Migrate MySQL on-premises to Azure Database for MySQL: Planning
APPLIES TO: 
Azure Database for MySQL - Single Server
Azure Database for MySQL - Flexible Server
Prerequisites
Land zone
An Azure Landing zone is the target environment defined as the final resting place of a cloud migration project. In most projects, the landing zone should be scripted via ARM templates for its initial setup. Finally, it should be customized with PowerShell or the Azure portal to fit the workloads needs.
The following resources were created to support the migration:
Azure Virtual Network with hub and spoke design with corresponding virtual network peerings establish.
Private endpoints for the App Services and MySQL instance
Note
As part of this guide, two ARM templates (one with private endpoints, one without) were provided in order to deploy a potential Azure landing zone for a MySQL migration project. The private endpoints ARM template provides a more secure and production like scenario. Additional manual Azure landing zone configuration might be necessary, depending on the requirements.
Networking
Getting data from the source system to Azure Database for MySQL in a fast and optimal way is a vital component to consider in a migration project. Small unreliable connections might require administrators to restart the migration several times until a successful result is achieved. Restarting migrations because of network issues can lead to wasted effort.
Take the time to understand and evaluate the network connectivity between the source, tool, and destination environments. In some cases, it might be appropriate to upgrade the internet connectivity or configure an ExpressRoute connection from the on-premises environment to Azure. Once on-premises to Azure connectivity has been created, the next step is to validate that the selected migration tool can connect from the source to the destination.
The migration tool location determines the network connectivity requirements. As shown in the table below, the selected migration tool must connect to both the on-premises machine and to Azure. Azure should be configured to only accept network traffic from the migration tool location.
| Migration Tool | Type | Location | Inbound Network Requirements | Outbound Network Requirements |
|---|---|---|---|---|
| Database Migration Service (DMS) | Offline | Azure | Allow 3306 from external IP | A path to connect to the Azure MySQL database instance |
| Import/Export (MySQL Workbench, mysqldump) | Offline | On-premises | Allow 3306 from internal IP | A path to connect to the Azure MySQL database instance |
| Import/Export (MySQL Workbench, mysqldump) | Offline | Azure VM | Allow 3306 from external IP | A path to connect to the Azure MySQL database instance |
| mydumper/myloader | Offline | On-premises | Allow 3306 from internal IP | A path to connect to the Azure MySQL database instance |
| mydumper/myloader | Offline | Azure VM | Allow 3306 from external IP | A path to connect to the Azure MySQL database instance |
| binlog | Offline | On-premises | Allow 3306 from external IP or private IP via Private endpoints | A path for each replication server to the master |
Other networking considerations include:
DMS located in a VNET is assigned a dynamic public IP to the service. At creation time, you can place the service inside a virtual network that has connectivity via a ExpressRoute or over a site to site VPN.
When using an Azure Virtual Machine to run the migration tools, assign it a public IP address and then only allow it to connect to the on-premises MySQL instance.

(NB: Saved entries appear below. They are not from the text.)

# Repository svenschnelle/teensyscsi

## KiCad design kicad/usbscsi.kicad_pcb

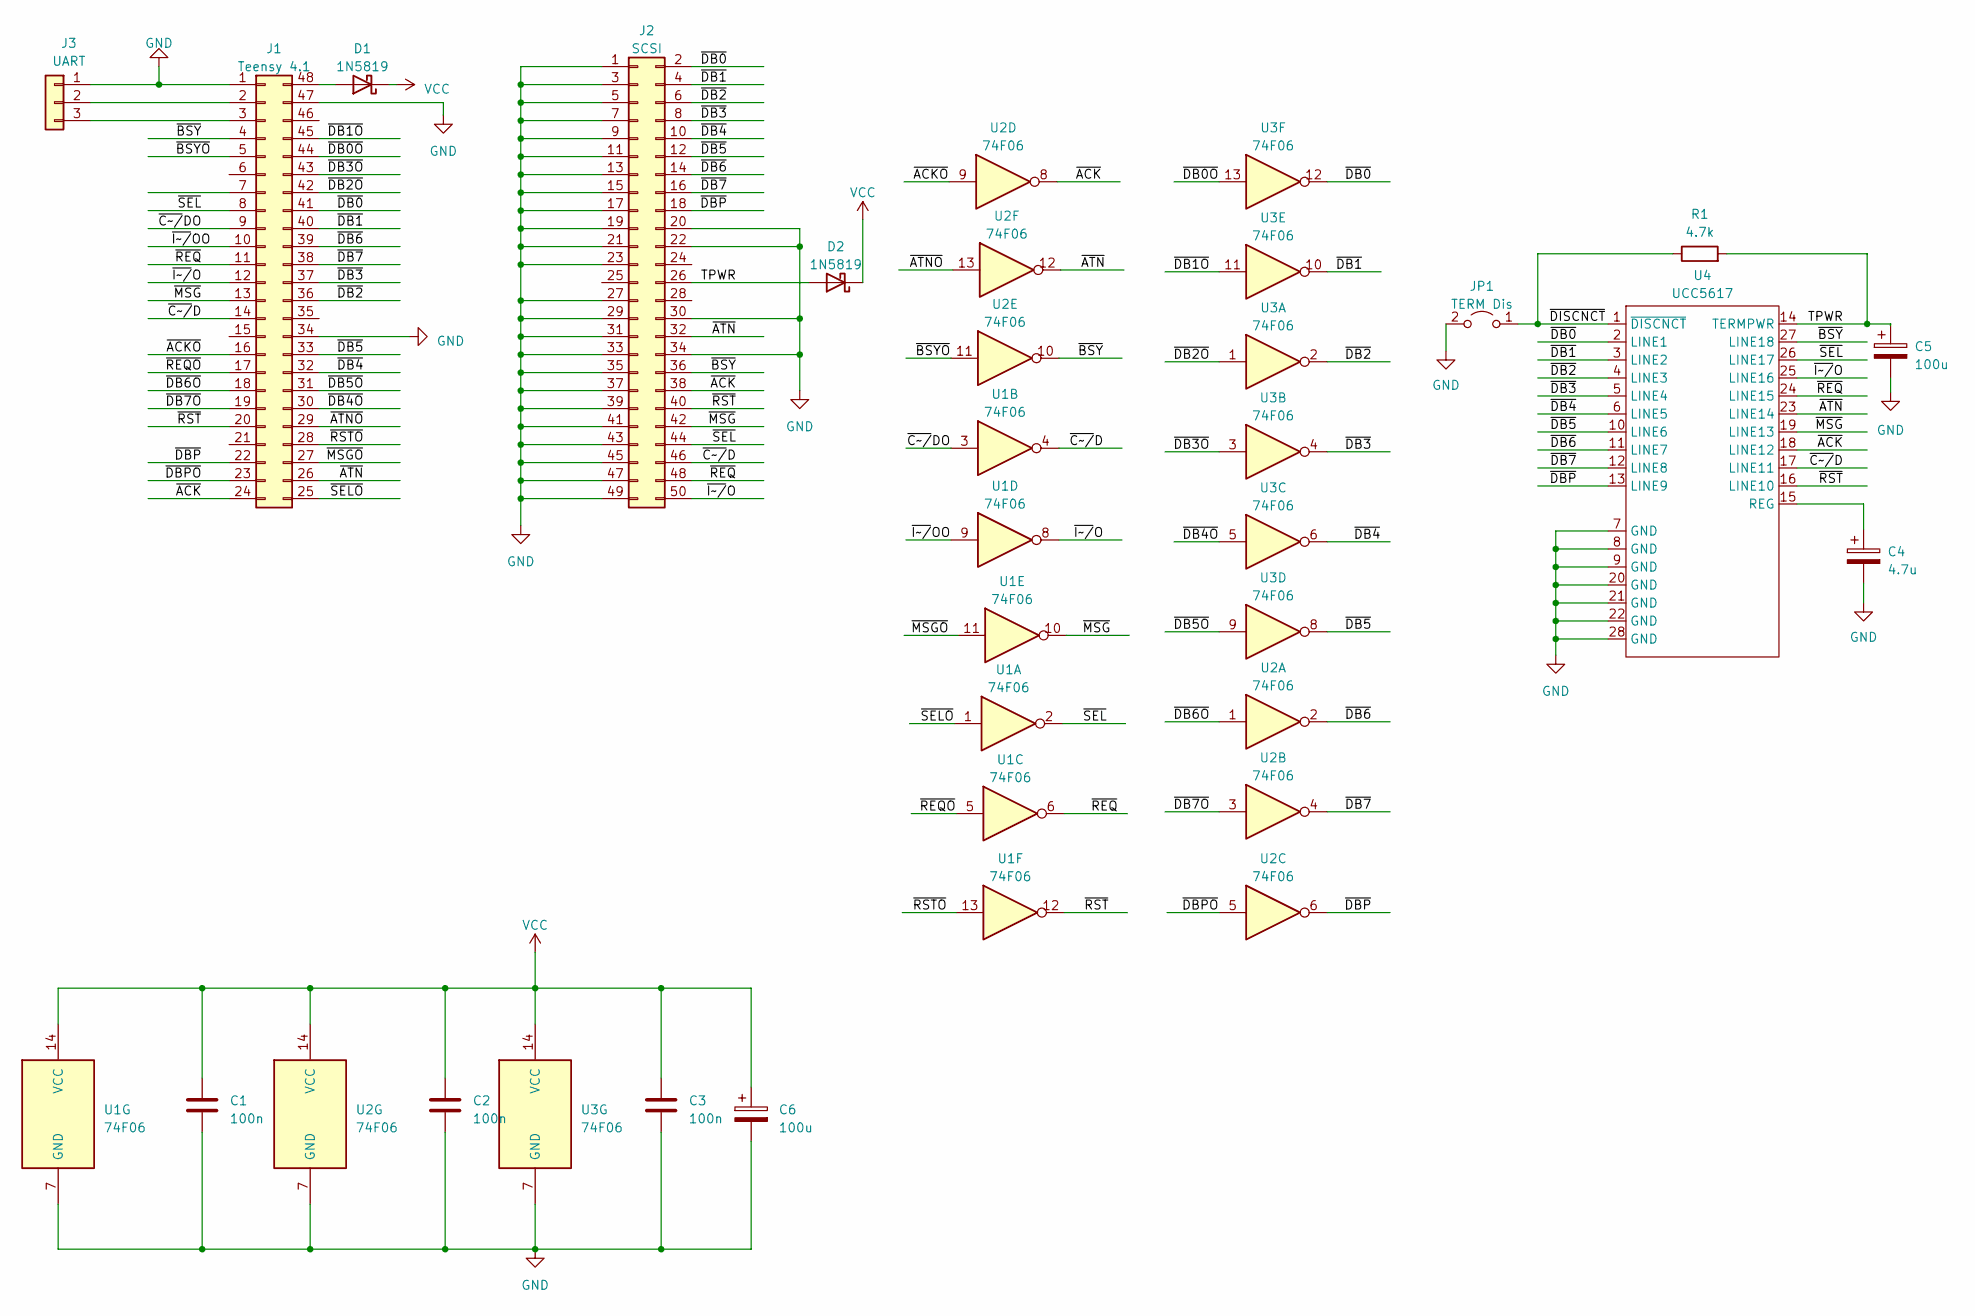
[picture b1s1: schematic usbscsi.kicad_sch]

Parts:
C1, C2, C3: 100n; C_0603_1608Metric
C4: 4.7u; CP_Radial_D5.0mm_P2.50mm
C5: 100u; CP_Radial_D5.0mm_P2.50mm
C6: 100u; CP_Radial_D6.3mm_P2.50mm
D1, D2: 1N5819; D_DO-41_SOD81_P10.16mm_Horizontal
J1: Teensy 4.1; DIP-48_W15.24mm_LongPads
J2: SCSI; PinHeader_2x25_P2.54mm_Vertical
J3: UART; PinHeader_1x03_P2.54mm_Vertical
JP1: TERM Dis; TestPoint_2Pads_Pitch2.54mm_Drill0.8mm
R1: 4.7k; R_0603_1608Metric
U1, U2, U3: 74F06; SO-14_3.9x8.65mm_P1.27mm
U4: UCC5617; SOIC-28W_7.5x17.9mm_P1.27mm

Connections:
/TPWR: C5.1, D2.2 (A), J2.26, R1.2, U4.14 (TERMPWR)
/~ACKO~: J1.16, U2.9
/~ACK~: J1.24, J2.38, U2.8, U4.18 (LINE12)
/~ATNO~: J1.29, U2.13
/~ATN~: J1.26, J2.32, U2.12, U4.23 (LINE14)
/~BSYO~: J1.5, U2.11
/~BSY~: J1.4, J2.36, U2.10, U4.27 (LINE18)
/~C~/D: J1.14, J2.46, U1.4, U4.17 (LINE11)
/~C~/DO: J1.9, U1.3
/~DB0O~: J1.44, U3.13
/~DB0~: J1.41, J2.2, U3.12, U4.2 (LINE1)
/~DB1O~: J1.45, U3.11
/~DB1~: J1.40, J2.4, U3.10, U4.3 (LINE2)
/~DB2O~: J1.42, U3.1
/~DB2~: J1.36, J2.6, U3.2, U4.4 (LINE3)
/~DB3O~: J1.43, U3.3
/~DB3~: J1.37, J2.8, U3.4, U4.5 (LINE4)
/~DB4O~: J1.30, U3.5
/~DB4~: J1.32, J2.10, U3.6, U4.6 (LINE5)
/~DB5O~: J1.31, U3.9
/~DB5~: J1.33, J2.12, U3.8, U4.10 (LINE6)
/~DB6O~: J1.18, U2.1
/~DB6~: J1.39, J2.14, U2.2, U4.11 (LINE7)
/~DB7O~: J1.19, U2.3
/~DB7~: J1.38, J2.16, U2.4, U4.12 (LINE8)
/~DBPO~: J1.23, U2.5
/~DBP~: J1.22, J2.18, U2.6, U4.13 (LINE9)
/~DISCNCT~: JP1.1 (A), R1.1, U4.1 (~DISCNCT~)
/~I~/O: J1.12, J2.50, U1.8, U4.25 (LINE16)
/~I~/OO: J1.10, U1.9
/~MSGO~: J1.27, U1.11
/~MSG~: J1.13, J2.42, U1.10, U4.19 (LINE13)
/~REQO~: J1.17, U1.5
/~REQ~: J1.11, J2.48, U1.6, U4.24 (LINE15)
/~RSTO~: J1.28, U1.13
/~RST~: J1.20, J2.40, U1.12, U4.16 (LINE10)
/~SELO~: J1.25, U1.1
/~SEL~: J1.8, J2.44, U1.2, U4.26 (LINE17)
GND: C1.2, C2.2, C3.2, C4.2, C5.2, C6.2, J1.1, J1.34, J1.47, J2.1, J2.3, J2.5, J2.7, J2.9, J2.11, J2.13, J2.15, J2.17, J2.19, J2.20, J2.21, J2.22, J2.23, J2.27, J2.29, J2.30, J2.31, J2.33, J2.34, J2.35, J2.37, J2.39, J2.41, J2.43, J2.45, J2.47, J2.49, J3.1, JP1.2 (B), U1.7 (GND), U2.7 (GND), U3.7 (GND), U4.7 (GND), U4.8 (GND), U4.9 (GND), U4.20 (GND), U4.21 (GND), U4.22 (GND), U4.28 (GND)
unnamed: C4.1, U4.15 (REG)
unnamed: D1.2 (A), J1.48
unnamed: J1.2, J3.2
unnamed: J1.3, J3.3
VCC: C1.1, C2.1, C3.1, C6.1, D1.1 (K), D2.1 (K), U1.14 (VCC), U2.14 (VCC), U3.14 (VCC)

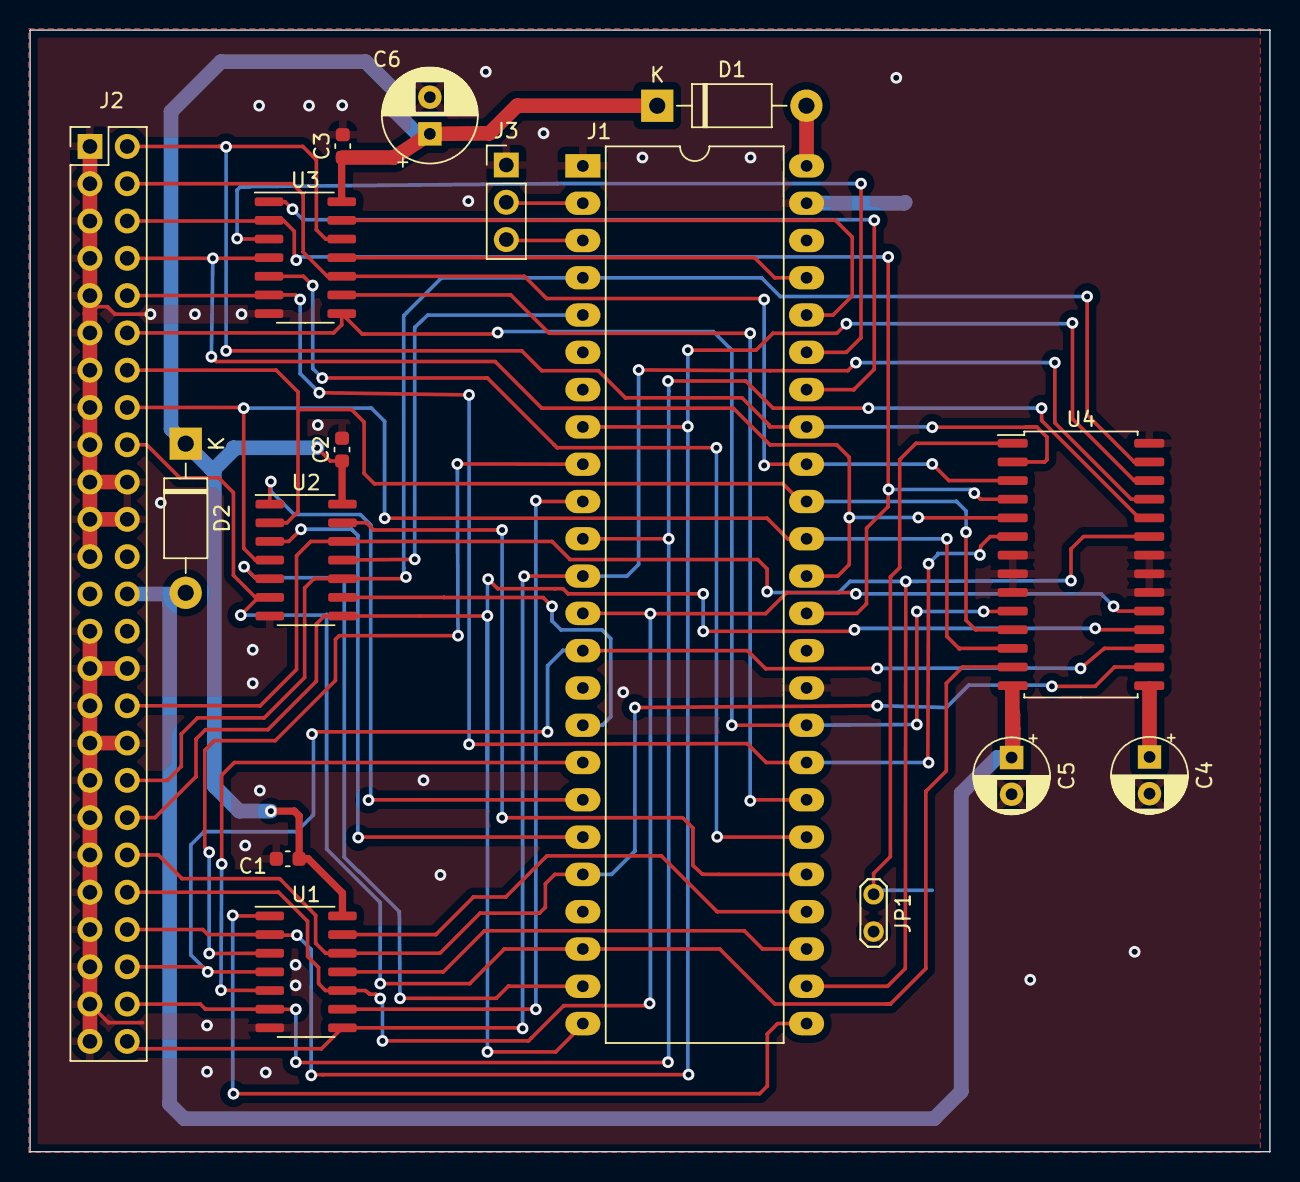
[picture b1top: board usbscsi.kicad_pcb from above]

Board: 2 copper layers, 84.4 x 76.4 mm, 17 parts (1 on the bottom side), 44 nets.

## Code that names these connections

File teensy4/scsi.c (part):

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#include <Arduino.h>

#define BSYI_PIN 2
#define BSYO_PIN 3
#define SELI_PIN 6
#define CDO_PIN 7
#define IOO_PIN 8
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#define IOI_PIN 10
#define MSGI_PIN 11
#define CDI_PIN 12
#define ACKO_PIN 24
#define REQO_PIN 25
#define DB6O_PIN 26
#define DB7O_PIN 27
#define RSTI_PIN 28
#define DBPI_PIN 30
#define DBPO_PIN 31
#define ACKI_PIN 32
#define SELO_PIN 33
#define ATNI_PIN 34
#define MSGO_PIN 35
#define RSTO_PIN 36
#define ATNO_PIN 37
#define DB4O_PIN 38
#define DB5O_PIN 39
#define DB4I_PIN 40
#define DB5I_PIN 41
#define DB2I_PIN 14
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#define DB6I_PIN 17
#define DB1I_PIN 18
#define DB0I_PIN 19
#define DB2O_PIN 20
#define DB3O_PIN 21
#define DB0O_PIN 22
#define DB1O_PIN 23

#define LED_PIN 13
#define SCSI_BUS_CLEAR_DELAY 800
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	pinMode(DB7I_PIN, INPUT);
	pinMode(DBPI_PIN, INPUT);

	digitalWriteFast(SELO_PIN, LOW);
	digitalWriteFast(BSYO_PIN, LOW);
	digitalWriteFast(RSTO_PIN, LOW);
	digitalWriteFast(REQO_PIN, LOW);
	digitalWriteFast(ACKO_PIN, LOW);
	digitalWriteFast(CDO_PIN, LOW);
	digitalWriteFast(IOO_PIN, LOW);
	digitalWriteFast(MSGO_PIN, LOW);
	digitalWriteFast(ATNO_PIN, LOW);

	digitalWriteFast(DB0O_PIN, LOW);
	digitalWriteFast(DB1O_PIN, LOW);
	digitalWriteFast(DB2O_PIN, LOW);
	digitalWriteFast(DB3O_PIN, LOW);
	digitalWriteFast(DB4O_PIN, LOW);
	digitalWriteFast(DB5O_PIN, LOW);
	digitalWriteFast(DB6O_PIN, LOW);
	digitalWriteFast(DB7O_PIN, LOW);
	digitalWriteFast(DBPO_PIN, LOW);

	pinMode(SELO_PIN, OUTPUT);
	pinMode(BSYO_PIN, OUTPUT);
	pinMode(RSTO_PIN, OUTPUT);
	pinMode(REQO_PIN, OUTPUT);
	pinMode(ACKO_PIN, OUTPUT);
	pinMode(CDO_PIN, OUTPUT);
	pinMode(IOO_PIN, OUTPUT);
	pinMode(MSGO_PIN, OUTPUT);
	pinMode(ATNO_PIN, OUTPUT);

	pinMode(DB0O_PIN, OUTPUT);
	pinMode(DB1O_PIN, OUTPUT);
	pinMode(DB2O_PIN, OUTPUT);
	pinMode(DB3O_PIN, OUTPUT);
	pinMode(DB4O_PIN, OUTPUT);
	pinMode(DB5O_PIN, OUTPUT);
	pinMode(DB6O_PIN, OUTPUT);
	pinMode(DB7O_PIN, OUTPUT);
	pinMode(DBPO_PIN, OUTPUT);

	pinMode(LED_PIN, OUTPUT);
}
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static void scsi_set_hiz(void)
{
	GPIO6_DR_CLEAR |= (0xff << 24);
	digitalWriteFast(DBPO_PIN, LOW);
}

static void scsi_set_data(uint8_t data)
{
	GPIO6_DR_CLEAR |= ~data << 24;
	GPIO6_DR_SET |= data << 24;
	digitalWriteFast(DBPO_PIN, parity_table[data]);
}

static __attribute__((unused)) void dump_scsi(const char *prefix)
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	// XX SEL BSY RST ACK REQ CD IO MSG ATN
	SCSI_DEBUG(SCSI_DEBUG_PIN, "%s: %02X %s%s%s%s%s%s%s%s%s%s\n",
	       prefix, scsi_get_data(),
	       digitalReadFast(SELI_PIN) ? "" : "SEL ",
	       digitalReadFast(BSYI_PIN) ? "" : "BSY ",
	       digitalReadFast(RSTI_PIN) ? "" : "RST ",
	       digitalReadFast(ACKI_PIN) ? "" : "ACK ",
	       digitalReadFast(REQI_PIN) ? "" : "REQ ",
	       digitalReadFast(CDI_PIN) ? "" : "CD ",
	       digitalReadFast(IOI_PIN) ? "" : "IO ",
	       digitalReadFast(MSGI_PIN) ? "" : "MSG ",
	       digitalReadFast(ATNI_PIN) ? "" : "ATN ",
	       digitalReadFast(DBPI_PIN) ? "" : "DBP ");
}

void scsi_reset(void)
{
	digitalWriteFast(RSTO_PIN, HIGH);
	scsi_set_hiz();
        digitalWriteFast(SELO_PIN, LOW);
	digitalWriteFast(BSYO_PIN, LOW);
	digitalWriteFast(ACKO_PIN, LOW);
	digitalWriteFast(REQO_PIN, LOW);
	digitalWriteFast(CDO_PIN, LOW);
	digitalWriteFast(IOO_PIN, LOW);
        digitalWriteFast(MSGO_PIN, LOW);
	digitalWriteFast(ATNO_PIN, LOW);
	delay(10);
	digitalWriteFast(RSTO_PIN, LOW);
	delay(250);
	memset(&scsi_tags, 0, sizeof(scsi_tags));
}
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static int scsi_wait_bus_free(void)
{
	for(;;) {
		digitalWriteFast(BSYO_PIN, LOW);
		delayNanoseconds(800); /* Bus clear delay */
		while(!(digitalReadFast(SELI_PIN) & digitalReadFast(BSYI_PIN)));
		/* start arbitration */
		digitalWriteFast(BSYO_PIN, HIGH);
		scsi_set_data(sctx.hostidmsk);
		delayNanoseconds(2400); /* Arbitration delay */
		if (!(scsi_get_data() & (sctx.hostidmsk-1)))
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{
	int i = 250000000 / SCSI_BUS_SETTLE_DELAY;

	digitalWriteFast(SELO_PIN, HIGH);
	if (xfer->outmsgcnt)
		digitalWriteFast(ATNO_PIN, HIGH);
	delayNanoseconds(10 * SCSI_BUS_SETTLE_DELAY);
        scsi_set_data(sctx.hostidmsk | (1 << id));
	delayNanoseconds(10 * SCSI_BUS_SETTLE_DELAY);
	digitalWriteFast(BSYO_PIN, LOW);
	delayNanoseconds(10 * SCSI_BUS_SETTLE_DELAY);

        while (i-- > 0 && digitalReadFast(BSYI_PIN))
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
	if (i < 0) {
		SCSI_DEBUG(SCSI_DEBUG_PHASE, "select failed\n");
		digitalWriteFast(SELO_PIN, LOW);
		return 1;
	}
	xfer->id = id;
        digitalWriteFast(SELO_PIN, LOW);
	delayNanoseconds(SCSI_BUS_SETTLE_DELAY);
	SCSI_DEBUG(SCSI_DEBUG_PHASE, "selected target %d\n", id);
	return 0;
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
static void scsi_ack_async(void)
{
	digitalWriteFast(ACKO_PIN, HIGH);
	while(!digitalReadFast(REQI_PIN));
	digitalWriteFast(ACKO_PIN, LOW);
}

static void scsi_handle_cmd(struct scsi_xfer *xfer)
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			break;

		if (xfer->outmsgpos + 1 == xfer->outmsgcnt) {
			digitalWriteFast(ATNO_PIN, LOW);
		}

		uint8_t msg = xfer->outmsgs[xfer->outmsgpos++];
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	SCSI_DEBUG_NOH(SCSI_DEBUG_DUMP, "\n");
}

static int scsi_msg_length(const uint8_t *msg, int len)
{
	switch(msg[0]) {
	case 0x01:
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				xfer->outmsgs[0] = SCSI_MSG_ABORT;
				xfer->outmsgpos = 0;
				xfer->outmsgcnt = 1;
				digitalWriteFast(ATNO_PIN, HIGH);
				return;
			}
			break;
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		if (ids & sctx.hostidmsk) {
			xfer.id = __builtin_ctz(ids & (sctx.hostidmsk-1));
			SCSI_DEBUG(SCSI_DEBUG_PHASE, "reselection from ID %d\n", xfer.id);
			digitalWriteFast(BSYO_PIN, HIGH);
			while(!digitalReadFast(SELI_PIN));
			digitalWriteFast(BSYO_PIN, LOW);
			delayNanoseconds(SCSI_BUS_SETTLE_DELAY);
			while(!digitalReadFast(BSYI_PIN))
				scsi_handle_phase(&xfer);
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
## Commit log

2021-06-27 Initial revison of Teensy USB SCSI controller
    Very experimental code, reads and writes on Linux.
2021-06-27 avoid memcpy of request cmd ui
2021-06-27 simplify parity lookup
2021-06-27 speed up selection
2021-06-27 move check whether target is still connected
2021-06-28 experimental disconnect/tag support
2021-06-29 remove delays, add scsi_set_hiz()
2021-07-01 msc support and uas for windows
2021-07-01 add schematics/pcb as pdf
2021-07-02 add tag handling
2021-07-03 - use LIST_END for tx descriptor lists - don't ack ZLP packets
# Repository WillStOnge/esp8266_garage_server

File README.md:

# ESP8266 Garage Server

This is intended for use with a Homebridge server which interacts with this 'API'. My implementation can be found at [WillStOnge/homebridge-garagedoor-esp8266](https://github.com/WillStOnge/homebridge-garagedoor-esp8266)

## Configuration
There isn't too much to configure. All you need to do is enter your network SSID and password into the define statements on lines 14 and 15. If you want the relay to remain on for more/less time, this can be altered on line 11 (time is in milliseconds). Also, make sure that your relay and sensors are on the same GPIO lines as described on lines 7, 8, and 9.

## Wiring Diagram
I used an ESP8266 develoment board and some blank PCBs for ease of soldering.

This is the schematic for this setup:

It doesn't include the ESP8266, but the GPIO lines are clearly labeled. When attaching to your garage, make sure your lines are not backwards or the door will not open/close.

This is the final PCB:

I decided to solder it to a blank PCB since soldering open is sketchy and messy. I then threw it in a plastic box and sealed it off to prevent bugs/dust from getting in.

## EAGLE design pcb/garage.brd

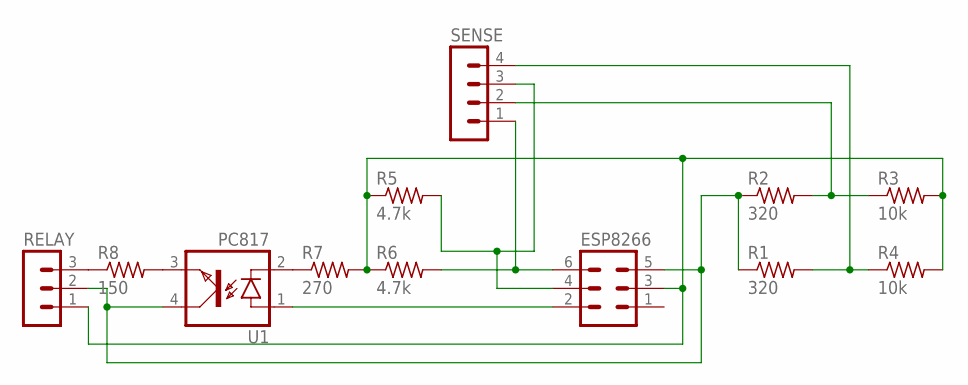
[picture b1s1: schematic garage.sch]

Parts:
ESP8266: MA03-2
R1, R2: 320; 0207/2V
R3, R4: 10k; 0207/2V
R5, R6: 4.7k; 0207/2V
R7: 270; 0207/2V
R8: 150; 0207/2V
RELAY: MA03-1
SENSE: MA04-1
U1: PC817; DIL04

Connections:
unnamed: ESP8266.2, U1.1 (A)
unnamed: ESP8266.6, R6.2, SENSE.1
unnamed: R8.1, RELAY.3
unnamed: R2.2, R3.1, SENSE.2
unnamed: R1.2, R4.1, SENSE.4
unnamed: ESP8266.3, R3.2, R4.2, R5.1, R6.1, R7.2, RELAY.1
unnamed: ESP8266.5, R1.1, R2.1, RELAY.2, U1.4 (COL)
unnamed: R7.1, U1.2 (C)
unnamed: ESP8266.4, R5.2, SENSE.3
unnamed: R8.2, U1.3 (EMIT)

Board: 2 copper layers, 12 parts (0 on the bottom side), 10 nets, no tracks yet.

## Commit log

2020-12-07 Added schematic to README
2020-12-07 Forgot the !
2020-12-07 Added Arduino code
2020-12-07 Updated README with new images
2020-12-21 Added eagle files

Outbound firewalls must ensure outbound connectivity to Azure Database for MySQL. The MySQL gateway IP addresses are available on the Connectivity Architecture in Azure Database for MySQL page.
SSL/TLS connectivity
In addition to the application implications of migrating to SSL-based communication, the SSL/TLS connection types are also something that needs to be considered. After creating the Azure Database for MySQL database, review the SSL settings, and read the SSL/TLS connectivity in Azure Database for MySQL article to understand how the TLS settings can affect the security posture.
Important
Pay attention to the disclaimer on the page. Enforcement of TLS version is not be enabled by default. Once TLS is enabled, the only way to disable it is to re-enable SSL.
WWI scenario
WWI's cloud team has created the necessary Azure landing zone resources in a specific resource group for the Azure Database for MySQL. To create the landing zone, WWI decided to script the setup and deployment using ARM templates. By using ARM templates, they can quickly tear down and resetup the environment, if needed.
As part of the ARM template, all connections between virtual networks are configured with peering in a hub and spoke architecture. The database and application are placed into separate virtual networks. An Azure App Gateway is placed in front of the app service to allow the app service to be isolated from the Internet. The Azure App Service connects to the Azure Database for MySQL using a private endpoint.
WWI originally wanted to test an online migration, but the required network setup for DMS to connect to their on-premises environment made this infeasible. WWI chose to do an offline migration instead. The MySQL Workbench tool was used to export the on-premises data and then was used to import the data into the Azure Database for MySQL instance.
Plan checklist
Prepare the Azure landing zone. Consider using ARM template deployment in case the environment must be torn down and rebuilt quickly.
Verify the networking setup. Verification should include: connectivity, bandwidth, latency, and firewall configurations.
Determine if you're going to use the online or offline data migration strategy.
Decide on the SSL certificate strategy.